Dienstleistungen im Freundeskreis
Liebe Leserinnen und Leser!
Mein heutiges Thema entstammt einem Anliegen aus meinem privaten Umfeld. Ein Freund von mir erstellt Homepages und möchte sich in diesem Bereich gerade selbständig machen. Als eines seiner ersten Projekte wurde er von seinem Schwager mit der Erstellung einer Homepage für dessen Unternehmen betraut.
Ich schreibe absichtlich „betraut“ – denn es wurde kein entsprechender Vertrag aufgesetzt. Aufgrund der familiären Nähe wurden in vertrauter Atmosphäre die notwendigen Schritte besprochen, der ungefähre Arbeitsaufwand abgesprochen. „Und natürlich bezahl ich dir das auch“ … Es wurde aber keine Einigung über den tatsächlichen Preis (alternativ Stundensatz) getroffen.
Nach Erstellen des ersten Entwurfes wurde die Homepage laufend auf Wunsch des Schwagers fortentwickelt, eine allfällige Abrechnung sollte erst am Ende stattfinden. Die Homepage ist mittlerweile seit 1 Jahr im Netz, die Abrechnung aber nicht erfolgt.
Nun sitzt mein Freund niedergeschmettert bei mir und klagt mir sein Leid. Er hat so viele Stunden investiert und möchte einen bestimmten Betrag dafür verlangen. Aber zum Einen ist der Schwager nicht sehr erpicht auf eine Endabrechnung und eher schwierig zu erreichen und ein Talent im Verzögern eines Gesprächstermins. Zum Andern hat mein Freund plötzlich Zweifel. Die Homepage ist erstellt, der dahinterliegende Stundenumfang bekannt, auch der üblicherweise verrechnete Stundensatz – auf den er ohnehin einen beträchtlichen Nachlass gegeben hat. Er weiß – rational gesehen – dass er auf sein Honorar Anspruch hat und der Betrag auch gerechtfertigt ist.
Aber allein der Gedanke, den Schwager auf die fällige Abrechnung und den mittlerweile angewachsenen Betrag anzusprechen, verursacht ihm Schweißausbrüche und Bauchschmerzen. Auf meine Frage, ob es einen Vertrag für die Erstellung der Homepage gibt, antwortet er als auch seine Frau, dass sie das im Kreis der Familie nicht für notwendig hielten. Und: sie wollten keine Missstimmung in der Familie damit heraufbeschwören. Denn die Bitte nach einem Vertrag hätte ja auch als mangelndes Vertrauen interpretiert werden können.

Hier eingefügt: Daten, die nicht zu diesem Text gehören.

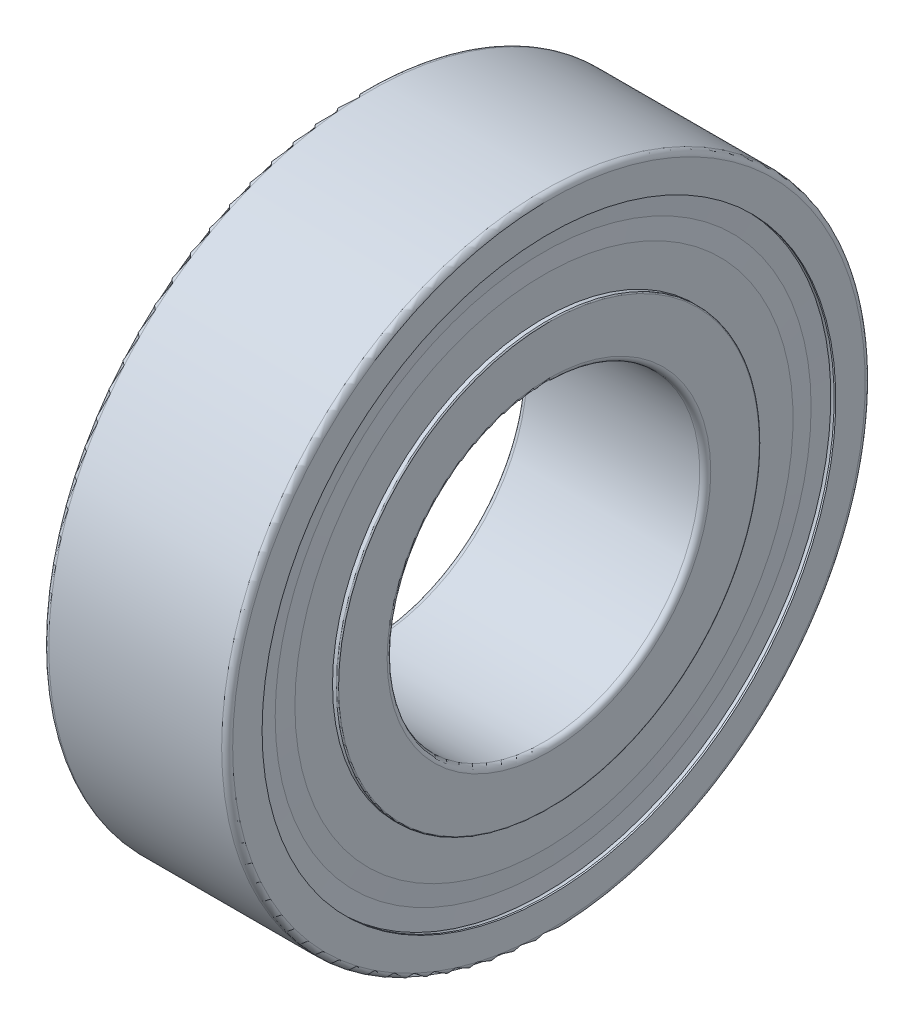
ISO-10303-21;
HEADER;
FILE_DESCRIPTION(('STEP AP214'),'2;1');
FILE_NAME('part.step','',(''),(''),'','','');
FILE_SCHEMA(('AUTOMOTIVE_DESIGN { 1 0 10303 214 1 1 1 1 }'));
ENDSEC;
DATA;
#1=APPLICATION_CONTEXT('core data for automotive mechanical design processes');
#2=APPLICATION_PROTOCOL_DEFINITION('international standard','automotive_design',2000,#1);
#3=PRODUCT_CONTEXT('',#1,'mechanical');
#4=PRODUCT('Part','Part','',(#3));
#5=PRODUCT_RELATED_PRODUCT_CATEGORY('part','',(#4));
#6=PRODUCT_DEFINITION_FORMATION('','',#4);
#7=PRODUCT_DEFINITION_CONTEXT('part definition',#1,'design');
#8=PRODUCT_DEFINITION('design','',#6,#7);
#9=PRODUCT_DEFINITION_SHAPE('','',#8);
#10=(LENGTH_UNIT() NAMED_UNIT(*) SI_UNIT(.MILLI.,.METRE.));
#11=(NAMED_UNIT(*) PLANE_ANGLE_UNIT() SI_UNIT($,.RADIAN.));
#12=(NAMED_UNIT(*) SI_UNIT($,.STERADIAN.) SOLID_ANGLE_UNIT());
#13=UNCERTAINTY_MEASURE_WITH_UNIT(LENGTH_MEASURE(1.E-05),#10,'distance_accuracy_value','');
#14=(GEOMETRIC_REPRESENTATION_CONTEXT(3) GLOBAL_UNCERTAINTY_ASSIGNED_CONTEXT((#13)) GLOBAL_UNIT_ASSIGNED_CONTEXT((#10,
#11,#12)) REPRESENTATION_CONTEXT('',''));
#15=CARTESIAN_POINT('',(0.,0.,0.));
#16=DIRECTION('',(0.,0.,1.));
#17=DIRECTION('',(1.,0.,0.));
#18=AXIS2_PLACEMENT_3D('',#15,#16,#17);
#19=CARTESIAN_POINT('',(50.,0.,0.));
#20=DIRECTION('',(1.,0.,0.));
#21=DIRECTION('',(0.,0.,1.));
#22=AXIS2_PLACEMENT_3D('',#19,#20,#21);
#23=CYLINDRICAL_SURFACE('',#22,15.6);
#24=CARTESIAN_POINT('',(9.73,0.,0.));
#25=DIRECTION('',(-1.,0.,0.));
#26=DIRECTION('',(0.,0.,1.));
#27=AXIS2_PLACEMENT_3D('',#24,#25,#26);
#28=CIRCLE('',#27,15.6);
#29=CARTESIAN_POINT('',(9.73,0.,15.6));
#30=VERTEX_POINT('',#29);
#31=EDGE_CURVE('E12',#30,#30,#28,.T.);
#32=ORIENTED_EDGE('',*,*,#31,.T.);
#33=EDGE_LOOP('',(#32));
#34=FACE_BOUND('',#33,.T.);
#35=CARTESIAN_POINT('',(9.64,0.,0.));
#36=DIRECTION('',(-1.,0.,0.));
#37=DIRECTION('',(0.,0.,1.));
#38=AXIS2_PLACEMENT_3D('',#35,#36,#37);
#39=CIRCLE('',#38,15.6);
#40=CARTESIAN_POINT('',(9.64,0.,15.6));
#41=VERTEX_POINT('',#40);
#42=EDGE_CURVE('E166',#41,#41,#39,.T.);
#43=ORIENTED_EDGE('',*,*,#42,.F.);
#44=EDGE_LOOP('',(#43));
#45=FACE_BOUND('',#44,.T.);
#46=ADVANCED_FACE('F53',(#34,#45),#23,.T.);
#47=CARTESIAN_POINT('',(9.685,0.,0.));
#48=DIRECTION('',(1.,0.,0.));
#49=DIRECTION('',(0.,0.,1.));
#50=AXIS2_PLACEMENT_3D('',#47,#48,#49);
#51=CONICAL_SURFACE('',#50,14.5725,1.52702867499964);
#52=CARTESIAN_POINT('',(9.685,0.,0.));
#53=DIRECTION('',(-1.,0.,0.));
#54=DIRECTION('',(0.,0.,1.));
#55=AXIS2_PLACEMENT_3D('',#52,#53,#54);
#56=CIRCLE('',#55,14.5725);
#57=CARTESIAN_POINT('',(9.685,0.,14.5725));
#58=VERTEX_POINT('',#57);
#59=EDGE_CURVE('E62',#58,#58,#56,.T.);
#60=ORIENTED_EDGE('',*,*,#59,.T.);
#61=EDGE_LOOP('',(#60));
#62=FACE_BOUND('',#61,.T.);
#63=ORIENTED_EDGE('',*,*,#31,.F.);
#64=EDGE_LOOP('',(#63));
#65=FACE_BOUND('',#64,.T.);
#66=ADVANCED_FACE('F198',(#62,#65),#51,.F.);
#67=CARTESIAN_POINT('',(9.73,0.,0.));
#68=DIRECTION('',(-1.,0.,0.));
#69=DIRECTION('',(0.,0.,-1.));
#70=AXIS2_PLACEMENT_3D('',#67,#68,#69);
#71=CONICAL_SURFACE('',#70,13.545,1.52702867499964);
#72=CARTESIAN_POINT('',(9.73,0.,0.));
#73=DIRECTION('',(-1.,0.,0.));
#74=DIRECTION('',(0.,0.,1.));
#75=AXIS2_PLACEMENT_3D('',#72,#73,#74);
#76=CIRCLE('',#75,13.545);
#77=CARTESIAN_POINT('',(9.73,0.,13.545));
#78=VERTEX_POINT('',#77);
#79=EDGE_CURVE('E147',#78,#78,#76,.T.);
#80=ORIENTED_EDGE('',*,*,#79,.T.);
#81=EDGE_LOOP('',(#80));
#82=FACE_BOUND('',#81,.T.);
#83=ORIENTED_EDGE('',*,*,#59,.F.);
#84=EDGE_LOOP('',(#83));
#85=FACE_BOUND('',#84,.T.);
#86=ADVANCED_FACE('F185',(#82,#85),#71,.T.);
#87=CARTESIAN_POINT('',(9.73,11.49,0.));
#88=DIRECTION('',(1.,0.,0.));
#89=DIRECTION('',(0.,1.,0.));
#90=AXIS2_PLACEMENT_3D('',#87,#88,#89);
#91=PLANE('',#90);
#92=CARTESIAN_POINT('',(9.73,0.,0.));
#93=DIRECTION('',(1.,0.,0.));
#94=DIRECTION('',(0.,0.,1.));
#95=AXIS2_PLACEMENT_3D('',#92,#93,#94);
#96=CIRCLE('',#95,11.5);
#97=CARTESIAN_POINT('',(9.73,0.,11.5));
#98=VERTEX_POINT('',#97);
#99=EDGE_CURVE('E151',#98,#98,#96,.T.);
#100=ORIENTED_EDGE('',*,*,#99,.F.);
#101=EDGE_LOOP('',(#100));
#102=FACE_BOUND('',#101,.T.);
#103=ORIENTED_EDGE('',*,*,#79,.F.);
#104=EDGE_LOOP('',(#103));
#105=FACE_BOUND('',#104,.T.);
#106=ADVANCED_FACE('F188',(#102,#105),#91,.T.);
#107=CARTESIAN_POINT('',(9.55,0.,0.));
#108=DIRECTION('',(-1.,0.,0.));
#109=DIRECTION('',(0.,0.,-1.));
#110=AXIS2_PLACEMENT_3D('',#107,#108,#109);
#111=CONICAL_SURFACE('',#110,13.545,1.52702867499964);
#112=CARTESIAN_POINT('',(9.55,0.,0.));
#113=DIRECTION('',(-1.,0.,0.));
#114=DIRECTION('',(0.,0.,1.));
#115=AXIS2_PLACEMENT_3D('',#112,#113,#114);
#116=CIRCLE('',#115,13.545);
#117=CARTESIAN_POINT('',(9.55,0.,13.545));
#118=VERTEX_POINT('',#117);
#119=EDGE_CURVE('E168',#118,#118,#116,.T.);
#120=ORIENTED_EDGE('',*,*,#119,.T.);
#121=EDGE_LOOP('',(#120));
#122=FACE_BOUND('',#121,.T.);
#123=CARTESIAN_POINT('',(9.63956204379562,0.,0.));
#124=DIRECTION('',(-1.,0.,0.));
#125=DIRECTION('',(0.,0.,-1.));
#126=AXIS2_PLACEMENT_3D('',#123,#124,#125);
#127=CIRCLE('',#126,11.5);
#128=CARTESIAN_POINT('',(9.63956204379562,0.,-11.5));
#129=VERTEX_POINT('',#128);
#130=EDGE_CURVE('E134',#129,#129,#127,.T.);
#131=ORIENTED_EDGE('',*,*,#130,.F.);
#132=EDGE_LOOP('',(#131));
#133=FACE_BOUND('',#132,.T.);
#134=ADVANCED_FACE('F55',(#122,#133),#111,.F.);
#135=CARTESIAN_POINT('',(9.55,14.5725,0.));
#136=DIRECTION('',(-1.,0.,0.));
#137=DIRECTION('',(0.,0.,-1.));
#138=AXIS2_PLACEMENT_3D('',#135,#136,#137);
#139=PLANE('',#138);
#140=CARTESIAN_POINT('',(9.55,0.,0.));
#141=DIRECTION('',(-1.,0.,0.));
#142=DIRECTION('',(0.,0.,1.));
#143=AXIS2_PLACEMENT_3D('',#140,#141,#142);
#144=CIRCLE('',#143,14.5725);
#145=CARTESIAN_POINT('',(9.55,0.,14.5725));
#146=VERTEX_POINT('',#145);
#147=EDGE_CURVE('E165',#146,#146,#144,.T.);
#148=ORIENTED_EDGE('',*,*,#147,.T.);
#149=EDGE_LOOP('',(#148));
#150=FACE_BOUND('',#149,.T.);
#151=ORIENTED_EDGE('',*,*,#119,.F.);
#152=EDGE_LOOP('',(#151));
#153=FACE_BOUND('',#152,.T.);
#154=ADVANCED_FACE('F196',(#150,#153),#139,.T.);
#155=CARTESIAN_POINT('',(9.64,0.,0.));
#156=DIRECTION('',(1.,0.,0.));
#157=DIRECTION('',(0.,0.,1.));
#158=AXIS2_PLACEMENT_3D('',#155,#156,#157);
#159=CONICAL_SURFACE('',#158,15.6,1.48342806694239);
#160=ORIENTED_EDGE('',*,*,#42,.T.);
#161=EDGE_LOOP('',(#160));
#162=FACE_BOUND('',#161,.T.);
#163=ORIENTED_EDGE('',*,*,#147,.F.);
#164=EDGE_LOOP('',(#163));
#165=FACE_BOUND('',#164,.T.);
#166=ADVANCED_FACE('F216',(#162,#165),#159,.T.);
#167=CARTESIAN_POINT('',(0.45,0.,0.));
#168=DIRECTION('',(-1.,0.,0.));
#169=DIRECTION('',(0.,0.,-1.));
#170=AXIS2_PLACEMENT_3D('',#167,#168,#169);
#171=CONICAL_SURFACE('',#170,14.5725,1.48342806694239);
#172=CARTESIAN_POINT('',(0.45,0.,0.));
#173=DIRECTION('',(-1.,0.,0.));
#174=DIRECTION('',(0.,0.,1.));
#175=AXIS2_PLACEMENT_3D('',#172,#173,#174);
#176=CIRCLE('',#175,14.5725);
#177=CARTESIAN_POINT('',(0.45,0.,14.5725));
#178=VERTEX_POINT('',#177);
#179=EDGE_CURVE('E163',#178,#178,#176,.T.);
#180=ORIENTED_EDGE('',*,*,#179,.T.);
#181=EDGE_LOOP('',(#180));
#182=FACE_BOUND('',#181,.T.);
#183=CARTESIAN_POINT('',(0.36,0.,0.));
#184=DIRECTION('',(-1.,0.,0.));
#185=DIRECTION('',(0.,0.,1.));
#186=AXIS2_PLACEMENT_3D('',#183,#184,#185);
#187=CIRCLE('',#186,15.6);
#188=CARTESIAN_POINT('',(0.36,0.,15.6));
#189=VERTEX_POINT('',#188);
#190=EDGE_CURVE('E145',#189,#189,#187,.T.);
#191=ORIENTED_EDGE('',*,*,#190,.F.);
#192=EDGE_LOOP('',(#191));
#193=FACE_BOUND('',#192,.T.);
#194=ADVANCED_FACE('F305',(#182,#193),#171,.T.);
#195=CARTESIAN_POINT('',(0.45,13.545,0.));
#196=DIRECTION('',(1.,0.,0.));
#197=DIRECTION('',(0.,1.,0.));
#198=AXIS2_PLACEMENT_3D('',#195,#196,#197);
#199=PLANE('',#198);
#200=CARTESIAN_POINT('',(0.45,0.,0.));
#201=DIRECTION('',(-1.,0.,0.));
#202=DIRECTION('',(0.,0.,1.));
#203=AXIS2_PLACEMENT_3D('',#200,#201,#202);
#204=CIRCLE('',#203,13.545);
#205=CARTESIAN_POINT('',(0.45,0.,13.545));
#206=VERTEX_POINT('',#205);
#207=EDGE_CURVE('E157',#206,#206,#204,.T.);
#208=ORIENTED_EDGE('',*,*,#207,.T.);
#209=EDGE_LOOP('',(#208));
#210=FACE_BOUND('',#209,.T.);
#211=ORIENTED_EDGE('',*,*,#179,.F.);
#212=EDGE_LOOP('',(#211));
#213=FACE_BOUND('',#212,.T.);
#214=ADVANCED_FACE('F212',(#210,#213),#199,.T.);
#215=CARTESIAN_POINT('',(0.36,0.,0.));
#216=DIRECTION('',(1.,0.,0.));
#217=DIRECTION('',(0.,0.,1.));
#218=AXIS2_PLACEMENT_3D('',#215,#216,#217);
#219=CONICAL_SURFACE('',#218,11.49,1.52702867499964);
#220=CARTESIAN_POINT('',(0.360437956204379,0.,0.));
#221=DIRECTION('',(1.,0.,0.));
#222=DIRECTION('',(0.,0.,1.));
#223=AXIS2_PLACEMENT_3D('',#220,#221,#222);
#224=CIRCLE('',#223,11.5);
#225=CARTESIAN_POINT('',(0.360437956204379,0.,11.5));
#226=VERTEX_POINT('',#225);
#227=EDGE_CURVE('E150',#226,#226,#224,.T.);
#228=ORIENTED_EDGE('',*,*,#227,.F.);
#229=EDGE_LOOP('',(#228));
#230=FACE_BOUND('',#229,.T.);
#231=ORIENTED_EDGE('',*,*,#207,.F.);
#232=EDGE_LOOP('',(#231));
#233=FACE_BOUND('',#232,.T.);
#234=ADVANCED_FACE('F238',(#230,#233),#219,.F.);
#235=CARTESIAN_POINT('',(0.27,13.545,0.));
#236=DIRECTION('',(-1.,0.,0.));
#237=DIRECTION('',(0.,0.,-1.));
#238=AXIS2_PLACEMENT_3D('',#235,#236,#237);
#239=PLANE('',#238);
#240=CARTESIAN_POINT('',(0.27,0.,0.));
#241=DIRECTION('',(-1.,0.,0.));
#242=DIRECTION('',(0.,0.,1.));
#243=AXIS2_PLACEMENT_3D('',#240,#241,#242);
#244=CIRCLE('',#243,13.545);
#245=CARTESIAN_POINT('',(0.27,0.,13.545));
#246=VERTEX_POINT('',#245);
#247=EDGE_CURVE('E144',#246,#246,#244,.T.);
#248=ORIENTED_EDGE('',*,*,#247,.T.);
#249=EDGE_LOOP('',(#248));
#250=FACE_BOUND('',#249,.T.);
#251=CARTESIAN_POINT('',(0.27,0.,0.));
#252=DIRECTION('',(-1.,0.,0.));
#253=DIRECTION('',(0.,0.,-1.));
#254=AXIS2_PLACEMENT_3D('',#251,#252,#253);
#255=CIRCLE('',#254,11.5);
#256=CARTESIAN_POINT('',(0.27,0.,-11.5));
#257=VERTEX_POINT('',#256);
#258=EDGE_CURVE('E152',#257,#257,#255,.T.);
#259=ORIENTED_EDGE('',*,*,#258,.F.);
#260=EDGE_LOOP('',(#259));
#261=FACE_BOUND('',#260,.T.);
#262=ADVANCED_FACE('F222',(#250,#261),#239,.T.);
#263=CARTESIAN_POINT('',(0.315,0.,0.));
#264=DIRECTION('',(1.,0.,0.));
#265=DIRECTION('',(0.,0.,1.));
#266=AXIS2_PLACEMENT_3D('',#263,#264,#265);
#267=CONICAL_SURFACE('',#266,14.5725,1.52702867499964);
#268=CARTESIAN_POINT('',(0.315,0.,0.));
#269=DIRECTION('',(-1.,0.,0.));
#270=DIRECTION('',(0.,0.,1.));
#271=AXIS2_PLACEMENT_3D('',#268,#269,#270);
#272=CIRCLE('',#271,14.5725);
#273=CARTESIAN_POINT('',(0.315,0.,14.5725));
#274=VERTEX_POINT('',#273);
#275=EDGE_CURVE('E142',#274,#274,#272,.T.);
#276=ORIENTED_EDGE('',*,*,#275,.T.);
#277=EDGE_LOOP('',(#276));
#278=FACE_BOUND('',#277,.T.);
#279=ORIENTED_EDGE('',*,*,#247,.F.);
#280=EDGE_LOOP('',(#279));
#281=FACE_BOUND('',#280,.T.);
#282=ADVANCED_FACE('F218',(#278,#281),#267,.T.);
#283=CARTESIAN_POINT('',(0.27,0.,0.));
#284=DIRECTION('',(-1.,0.,0.));
#285=DIRECTION('',(0.,0.,-1.));
#286=AXIS2_PLACEMENT_3D('',#283,#284,#285);
#287=CONICAL_SURFACE('',#286,15.6,1.52702867499964);
#288=CARTESIAN_POINT('',(0.27,0.,0.));
#289=DIRECTION('',(-1.,0.,0.));
#290=DIRECTION('',(0.,0.,1.));
#291=AXIS2_PLACEMENT_3D('',#288,#289,#290);
#292=CIRCLE('',#291,15.6);
#293=CARTESIAN_POINT('',(0.27,0.,15.6));
#294=VERTEX_POINT('',#293);
#295=EDGE_CURVE('E177',#294,#294,#292,.T.);
#296=ORIENTED_EDGE('',*,*,#295,.T.);
#297=EDGE_LOOP('',(#296));
#298=FACE_BOUND('',#297,.T.);
#299=ORIENTED_EDGE('',*,*,#275,.F.);
#300=EDGE_LOOP('',(#299));
#301=FACE_BOUND('',#300,.T.);
#302=ADVANCED_FACE('F221',(#298,#301),#287,.F.);
#303=CARTESIAN_POINT('',(50.,0.,0.));
#304=DIRECTION('',(1.,0.,0.));
#305=DIRECTION('',(0.,0.,1.));
#306=AXIS2_PLACEMENT_3D('',#303,#304,#305);
#307=CYLINDRICAL_SURFACE('',#306,15.6);
#308=ORIENTED_EDGE('',*,*,#190,.T.);
#309=EDGE_LOOP('',(#308));
#310=FACE_BOUND('',#309,.T.);
#311=ORIENTED_EDGE('',*,*,#295,.F.);
#312=EDGE_LOOP('',(#311));
#313=FACE_BOUND('',#312,.T.);
#314=ADVANCED_FACE('F271',(#310,#313),#307,.T.);
#315=CARTESIAN_POINT('',(50.,0.,0.));
#316=DIRECTION('',(1.,0.,0.));
#317=DIRECTION('',(0.,0.,1.));
#318=AXIS2_PLACEMENT_3D('',#315,#316,#317);
#319=CYLINDRICAL_SURFACE('',#318,11.5);
#320=CARTESIAN_POINT('',(3.15090265264373,0.,0.));
#321=DIRECTION('',(-1.,0.,0.));
#322=DIRECTION('',(0.,0.,1.));
#323=AXIS2_PLACEMENT_3D('',#320,#321,#322);
#324=CIRCLE('',#323,11.5);
#325=CARTESIAN_POINT('',(3.15090265264373,0.,11.5));
#326=VERTEX_POINT('',#325);
#327=EDGE_CURVE('E148',#326,#326,#324,.T.);
#328=ORIENTED_EDGE('',*,*,#327,.T.);
#329=EDGE_LOOP('',(#328));
#330=FACE_BOUND('',#329,.T.);
#331=ORIENTED_EDGE('',*,*,#227,.T.);
#332=EDGE_LOOP('',(#331));
#333=FACE_BOUND('',#332,.T.);
#334=ADVANCED_FACE('F273',(#330,#333),#319,.T.);
#335=CARTESIAN_POINT('',(5.,0.,0.));
#336=DIRECTION('',(1.,0.,0.));
#337=DIRECTION('',(0.,0.,1.));
#338=AXIS2_PLACEMENT_3D('',#335,#336,#337);
#339=TOROIDAL_SURFACE('',#338,13.,2.381);
#340=ORIENTED_EDGE('',*,*,#327,.F.);
#341=EDGE_LOOP('',(#340));
#342=FACE_BOUND('',#341,.T.);
#343=CARTESIAN_POINT('',(6.84909734735627,0.,0.));
#344=DIRECTION('',(-1.,0.,0.));
#345=DIRECTION('',(0.,0.,1.));
#346=AXIS2_PLACEMENT_3D('',#343,#344,#345);
#347=CIRCLE('',#346,11.5);
#348=CARTESIAN_POINT('',(6.84909734735627,0.,11.5));
#349=VERTEX_POINT('',#348);
#350=EDGE_CURVE('E131',#349,#349,#347,.T.);
#351=ORIENTED_EDGE('',*,*,#350,.T.);
#352=EDGE_LOOP('',(#351));
#353=FACE_BOUND('',#352,.T.);
#354=ADVANCED_FACE('F132',(#342,#353),#339,.F.);
#355=CARTESIAN_POINT('',(50.,0.,0.));
#356=DIRECTION('',(1.,0.,0.));
#357=DIRECTION('',(0.,0.,1.));
#358=AXIS2_PLACEMENT_3D('',#355,#356,#357);
#359=CYLINDRICAL_SURFACE('',#358,11.5);
#360=CARTESIAN_POINT('',(9.94,0.,0.));
#361=DIRECTION('',(-1.,0.,0.));
#362=DIRECTION('',(0.,0.,1.));
#363=AXIS2_PLACEMENT_3D('',#360,#361,#362);
#364=CIRCLE('',#363,11.5);
#365=CARTESIAN_POINT('',(9.94,0.,11.5));
#366=VERTEX_POINT('',#365);
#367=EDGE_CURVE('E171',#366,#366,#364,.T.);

Alles verständlich, nicht? Nur wohin hat die Rücksichtnahme geführt? Die Missstimmung ist jetzt erst recht da – zwar erst 1 Jahr später, aber doch. Und umso größer als vorher, weil mittlerweile eine der beiden Parteien sich bereits „über den Tisch gezogen fühlt“. Das Gesprächsklima ist mittlerweile eisig.
Ich kann mich noch gut erinnern, auch mir ist es am Anfang meiner Selbständigkeit einmal ähnlich ergangen. Mein damaliger Mentor hat mir ein altes Sprichwort mitgegeben: „Strenge Rechnung – gute Freunde“. Seit damals beherzige ich dieses Motto – und schlafe ruhig.
Mein Tipp daher:
- Halten Sie sämtliche Vereinbarungen schriftlich fest!
Es muss nicht immer ein förmlicher Vertrag sein. Handschlagqualität ist auch mir sehr wichtig, ein kurzes Bestätigungsemail mit den wichtigsten Eckdaten (Stundenumfang, Lieferdatum, Abrechnungsmodalitäten) kann reichen.
- Das gilt auch für Erweiterungen des ursprünglichen Auftrages. Lassen Sie sich schriftlich (per email) eine kurze Bestätigung geben.
- Umgekehrt: wenn Sie merken, dass Sie mit dem besprochenen Budget nicht auskommen, suchen Sie rechtzeitig das Gespräch und finden Sie eine Einigung.
Damit können Sie am Ende des gemeinsamen Projektes immer auf eine frühere Vereinbarung zurückgreifen, erlangen Sicherheit bei der Abrechnung – und riskieren keine Freundschaften J
Haben auch Sie Erfahrungen mit diesem Thema und Anregungen dazu? Ich freue mich auf Ihre Rückmeldungen!